Type the entries out again exactly as they read, but leave every picture behind.
───── Material for this task
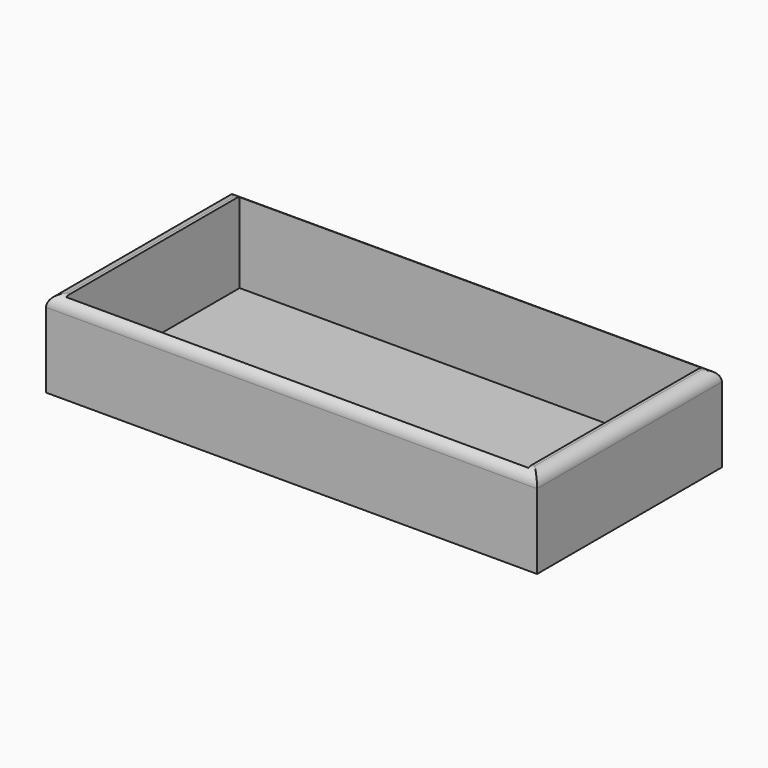
from build123d import *

# Parameters (mm, degrees)
F0_W        = 170
F0_H        = 80
F1_DEPTH    = 30
F2_W        = 160
F2_H        = 75
F3_DEPTH    = 28
F4_T1_DEPTH = 190
F4_T3_DEPTH = 100


# Not quite as in the source:
# - a fillet or chamfer that OpenCascade refuses, or shapes differently, is made with other operations: its cross-section is extruded or revolved along the edge and cut away or added


with BuildPart() as f1:
    # F0 (on Top) → F1 (new body)
    with BuildSketch(Plane.XY):
        Rectangle(F0_W, F0_H)
    extrude(amount=F1_DEPTH)

    # F2 (on face) → F3 (cut)
    with BuildSketch(Plane.XY.offset(30)):
        Rectangle(F2_W, F2_H)
    extrude(amount=-F3_DEPTH, mode=Mode.SUBTRACT)

    # F4: fillet of radius 4 on 4 edges, made by hand

    # F4_s2 → F4_t1 (cut)
    with BuildSketch(Plane.YZ.offset(-95)):
        with BuildLine():
            ThreePointArc((-40, 26), (-38.8284271247, 28.8284271247), (-36, 30))
            Line((-36, 30), (-40, 30))
            Line((-40, 30), (-40, 26))
        make_face()
        with BuildLine():
            ThreePointArc((40, 26), (38.8284271247, 28.8284271247), (36, 30))
            Line((36, 30), (40, 30))
            Line((40, 30), (40, 26))
        make_face()
    extrude(amount=F4_T1_DEPTH, mode=Mode.SUBTRACT)

    # F4_s4 → F4_t3 (cut)
    with BuildSketch(Plane.XZ.offset(-50)):
        with BuildLine():
            ThreePointArc((-85, 26), (-83.8284271247, 28.8284271247), (-81, 30))
            Line((-81, 30), (-85, 30))
            Line((-85, 30), (-85, 26))
        make_face()
        with BuildLine():
            ThreePointArc((81, 30), (83.8284271247, 28.8284271247), (85, 26))
            Line((85, 26), (85, 30))
            Line((85, 30), (81, 30))
        make_face()
    extrude(amount=F4_T3_DEPTH, mode=Mode.SUBTRACT)


solid = f1.part
──────────
▶ **Solution to this task**
from build123d import *

# Parameters (mm, degrees)
F0_W        = 170
F0_H        = 80
F1_DEPTH    = 30
F2_W        = 160
F2_H        = 75
F3_DEPTH    = 28
F4_T1_DEPTH = 190
F4_T3_DEPTH = 100


# Not quite as in the source:
# - a fillet or chamfer that OpenCascade refuses, or shapes differently, is made with other operations: its cross-section is extruded or revolved along the edge and cut away or added


with BuildPart() as f1:
    # F0 (on Top) → F1 (new body)
    with BuildSketch(Plane.XY):
        Rectangle(F0_W, F0_H)
    extrude(amount=F1_DEPTH)

    # F2 (on face) → F3 (cut)
    with BuildSketch(Plane.XY.offset(30)):
        Rectangle(F2_W, F2_H)
    extrude(amount=-F3_DEPTH, mode=Mode.SUBTRACT)

    # F4: fillet of radius 4 on 4 edges, made by hand

    # F4_s2 → F4_t1 (cut)
    with BuildSketch(Plane.YZ.offset(-95)):
        with BuildLine():
            ThreePointArc((-40, 26), (-38.8284271247, 28.8284271247), (-36, 30))
            Line((-36, 30), (-40, 30))
            Line((-40, 30), (-40, 26))
        make_face()
        with BuildLine():
            ThreePointArc((40, 26), (38.8284271247, 28.8284271247), (36, 30))
            Line((36, 30), (40, 30))
            Line((40, 30), (40, 26))
        make_face()
    extrude(amount=F4_T1_DEPTH, mode=Mode.SUBTRACT)

    # F4_s4 → F4_t3 (cut)
    with BuildSketch(Plane.XZ.offset(-50)):
        with BuildLine():
            ThreePointArc((-85, 26), (-83.8284271247, 28.8284271247), (-81, 30))
            Line((-81, 30), (-85, 30))
            Line((-85, 30), (-85, 26))
        make_face()
        with BuildLine():
            ThreePointArc((81, 30), (83.8284271247, 28.8284271247), (85, 26))
            Line((85, 26), (85, 30))
            Line((85, 30), (81, 30))
        make_face()
    extrude(amount=F4_T3_DEPTH, mode=Mode.SUBTRACT)


solid = f1.part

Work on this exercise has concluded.